Retrieval failure
Retrieval Failure
When an AI system retrieves stale, irrelevant, incomplete, conflicting, or poorly ranked context — often the root cause of bad RAG answers.
What failed
Retrieval failure occurs when an AI system fails to retrieve the right information or retrieves information that is stale, irrelevant, incomplete, conflicting, or poorly ranked. In retrieval-augmented generation systems, retrieval failure is often the root cause of poor answers.
Architecture context
Enterprise search, customer support copilots, knowledge-base assistants, legal and compliance tools, policy bots, sales enablement, analyst workflows, and document summarization systems.
Impact
RAG systems are only as reliable as the context they provide.

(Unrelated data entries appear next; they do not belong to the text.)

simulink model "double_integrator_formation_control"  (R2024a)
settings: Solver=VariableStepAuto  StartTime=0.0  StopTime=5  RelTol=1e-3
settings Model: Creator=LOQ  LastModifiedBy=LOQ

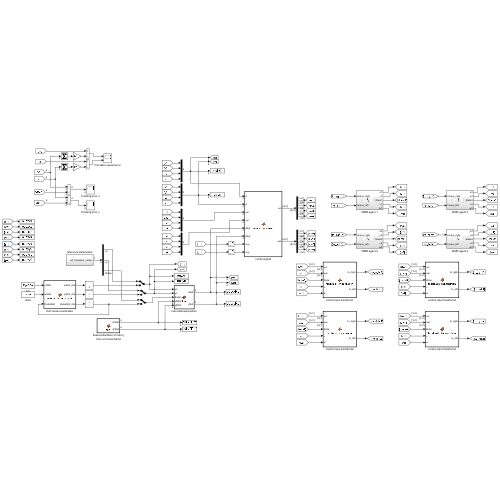
[thumbnail: Simulink's stored preview of the top-level diagram]
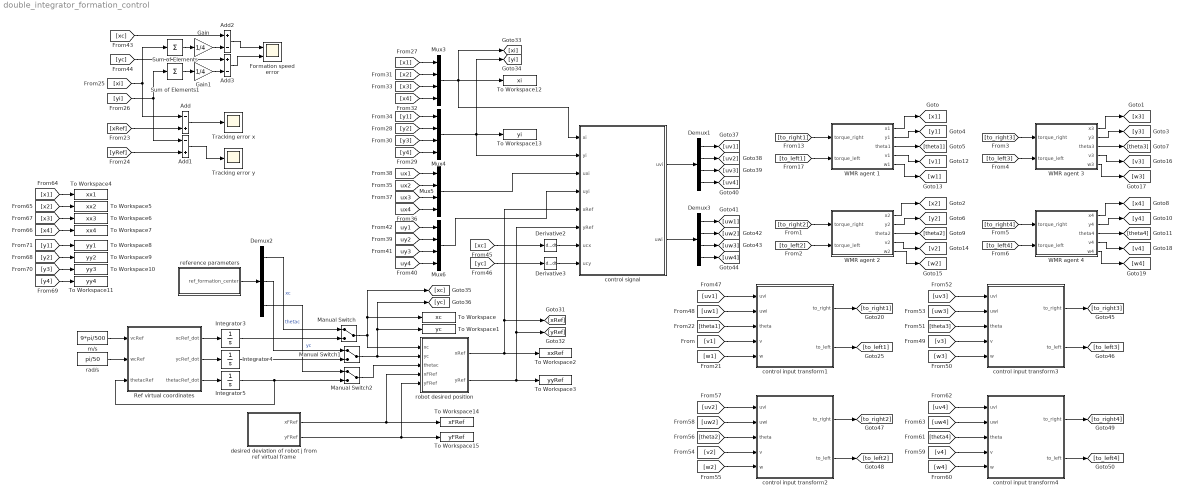
== system double_integrator_formation_control ==
  Add : Sum  Inputs=-+
  Add1 : Sum  Inputs=-+
  Add2 : Sum  Inputs=+-
  Add3 : Sum  Inputs=+-
  Demux1 : Demux
  Demux2 : Demux  Outputs=3
  Demux3 : Demux
  Derivative2 : Derivative
  Derivative3 : Derivative
  Formation speed error : Scope  NumInputPorts=2
  Gain : Gain  Gain=1/4
  Gain1 : Gain  Gain=1/4
  Integrator3 : Integrator
  Integrator4 : Integrator
  Integrator5 : Integrator
  Manual Switch : ManualSwitch
  Manual Switch1 : ManualSwitch
  Manual Switch2 : ManualSwitch
  Mux{3..6} (4 alike) : Mux
  Ref virtual coordinates : MATLAB Function  TreatAsAtomicUnit=on
  Sum of Elements : Sum  Inputs=+
  Sum of Elements1 : Sum  Inputs=+
  To Workspace : ToWorkspace  VariableName=xc  SampleTime=-1
  To Workspace1 : ToWorkspace  VariableName=yc  SampleTime=-1
  To Workspace10 : ToWorkspace  VariableName=yy3  SampleTime=-1
  To Workspace11 : ToWorkspace  VariableName=yy4  SampleTime=-1
  To Workspace12 : ToWorkspace  VariableName=xi  SampleTime=-1
  To Workspace13 : ToWorkspace  VariableName=yi  SampleTime=-1
  To Workspace14 : ToWorkspace  VariableName=xFRef  SampleTime=-1
  To Workspace15 : ToWorkspace  VariableName=yFRef  SampleTime=-1
  To Workspace2 : ToWorkspace  VariableName=xxRef  SampleTime=-1
  To Workspace3 : ToWorkspace  VariableName=yyRef  SampleTime=-1
  To Workspace4 : ToWorkspace  VariableName=xx1  SampleTime=-1
  To Workspace5 : ToWorkspace  VariableName=xx2  SampleTime=-1
  To Workspace6 : ToWorkspace  VariableName=xx3  SampleTime=-1
  To Workspace7 : ToWorkspace  VariableName=xx4  SampleTime=-1
  To Workspace8 : ToWorkspace  VariableName=yy1  SampleTime=-1
  To Workspace9 : ToWorkspace  VariableName=yy2  SampleTime=-1
  Tracking error x : Scope
  Tracking error y : Scope
  WMR agent 1 : Subsystem
  WMR agent 2 : Subsystem
  WMR agent 3 : Subsystem
  WMR agent 4 : Subsystem
  control input transform1 : MATLAB Function  TreatAsAtomicUnit=on
  control input transform2 : MATLAB Function  TreatAsAtomicUnit=on
  control input transform3 : MATLAB Function  TreatAsAtomicUnit=on
  control input transform4 : MATLAB Function  TreatAsAtomicUnit=on
  control signal : MATLAB Function  TreatAsAtomicUnit=on
  desired deviation of robot j from ref virtual frame : MATLAB Function  TreatAsAtomicUnit=on
  m/s : Constant  Value=9*pi/500
  rad/s : Constant  Value=pi/50
  reference parameters : Subsystem
  robot desired position : MATLAB Function  TreatAsAtomicUnit=on
  wires:
  Demux2/3 -> Manual Switch2/1  "thetac"
  [yc] -> Derivative3/1
  robot desired position/2(yRef) -> To Workspace3/1, control signal/6(yRef), [yRef]
  Gain/1 -> Add2/2
  [xc] -> Derivative2/1
  Manual Switch/1 -> To Workspace/1, [xc], robot desired position/1(xc)
  Mux4/1 -> [yi], To Workspace13/1, control signal/2(yi)
  [yRef] -> Add1/2
  [xi] -> Sum of Elements/1, Add/1
  [x4] -> Mux3/4
  [yc] -> Add3/1
  Sum of Elements/1 -> Gain/1
  Demux2/2 -> Manual Switch1/1  "yc"
  [to_left4] -> WMR agent 4/2(torque_left)
  m/s/1 -> Ref virtual coordinates/1(vcRef)
  [xc] -> Add2/1
  Mux6/1 -> control signal/4(uyi)
  Gain1/1 -> Add3/2
  WMR agent 4/3(theta4) -> [theta4]
  [uy2] -> Mux6/2
  [to_right4] -> WMR agent 4/1(torque_right)
  Derivative3/1 -> control signal/8(ucy)
  [yi] -> Add1/1, Sum of Elements1/1
  WMR agent 2/4(v2) -> [v2]
  Sum of Elements1/1 -> Gain1/1
  Add3/1 -> Formation speed error/2
  Add1/1 -> Tracking error y/1
  WMR agent 1/1(x1) -> [x1]
  WMR agent 4/2(y4) -> [y4]
  WMR agent 2/1(x2) -> [x2]
  [xRef] -> Add/2
  Add2/1 -> Formation speed error/1
  [theta1] -> control input transform1/3(theta)
  [x1] -> Mux3/1
  Integrator3/1 -> Manual Switch/2
  Demux2/1 -> Manual Switch/1  "xc"
  [ux3] -> Mux5/3
  reference parameters/1(ref_formation_center) -> Demux2/1
  [y4] -> Mux4/4
  WMR agent 3/5(w3) -> [w3]
  [uy1] -> Mux6/1
  [ux4] -> Mux5/4
  Mux5/1 -> control signal/3(uxi)
  [to_right2] -> WMR agent 2/1(torque_right)
  [ux1] -> Mux5/1
  [uy3] -> Mux6/3
  Ref virtual coordinates/1(xcRef_dot) -> Integrator3/1
  [uy4] -> Mux6/4
  WMR agent 1/2(y1) -> [y1]
  [x2] -> Mux3/2
  [y3] -> Mux4/3
  Integrator5/1 -> Manual Switch2/2, Ref virtual coordinates/3(thetacRef)
  [x3] -> Mux3/3
  Ref virtual coordinates/2(ycRef_dot) -> Integrator4/1
  rad/s/1 -> Ref virtual coordinates/2(wcRef)
  [y2] -> Mux4/2
  WMR agent 3/2(y3) -> [y3]
  Add/1 -> Tracking error x/1
  desired deviation of robot j from ref virtual frame/1(xFRef) -> To Workspace14/1, robot desired position/4(xFRef)
  [v1] -> control input transform1/4(v)
  Manual Switch1/1 -> [yc], To Workspace1/1, robot desired position/2(yc)
  [to_left1] -> WMR agent 1/2(torque_left)
  Integrator4/1 -> Manual Switch1/2
  WMR agent 4/1(x4) -> [x4]
  desired deviation of robot j from ref virtual frame/2(yFRef) -> To Workspace15/1, robot desired position/5(yFRef)
  [ux2] -> Mux5/2
  WMR agent 2/5(w2) -> [w2]
  WMR agent 1/3(theta1) -> [theta1]
  Mux3/1 -> [xi], To Workspace12/1, control signal/1(xi)
  WMR agent 1/5(w1) -> [w1]
  WMR agent 1/4(v1) -> [v1]
  WMR agent 4/5(w4) -> [w4]
  control signal/1(uvi) -> Demux1/1
  WMR agent 3/4(v3) -> [v3]
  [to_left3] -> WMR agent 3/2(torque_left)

If the model receives the wrong documents, it may hallucinate, answer the wrong question, cite irrelevant sources, or miss critical policy constraints.
Symptoms
- Retrieved documents do not answer the question.
- Sources are stale or superseded.
- The model cites irrelevant passages.
- Important documents are missing.
- Conflicting sources are not resolved.
- The model answers from general knowledge instead of retrieved evidence.
Detection signals
- Low relevance score for retrieved passages.
- High answer uncertainty.
- Citation mismatch.
- User corrections about missing documents.
- Frequent fallback to unsupported claims.
- Stale source usage after updated content exists.
Mitigations
- Improve indexing and metadata.
- Remove or downrank stale documents.
- Add freshness and authority signals.
- Use source filters by workflow.
- Require citations for factual outputs.
- Add retrieval regression tests.
- Alert when high-risk workflows use low-confidence retrieval.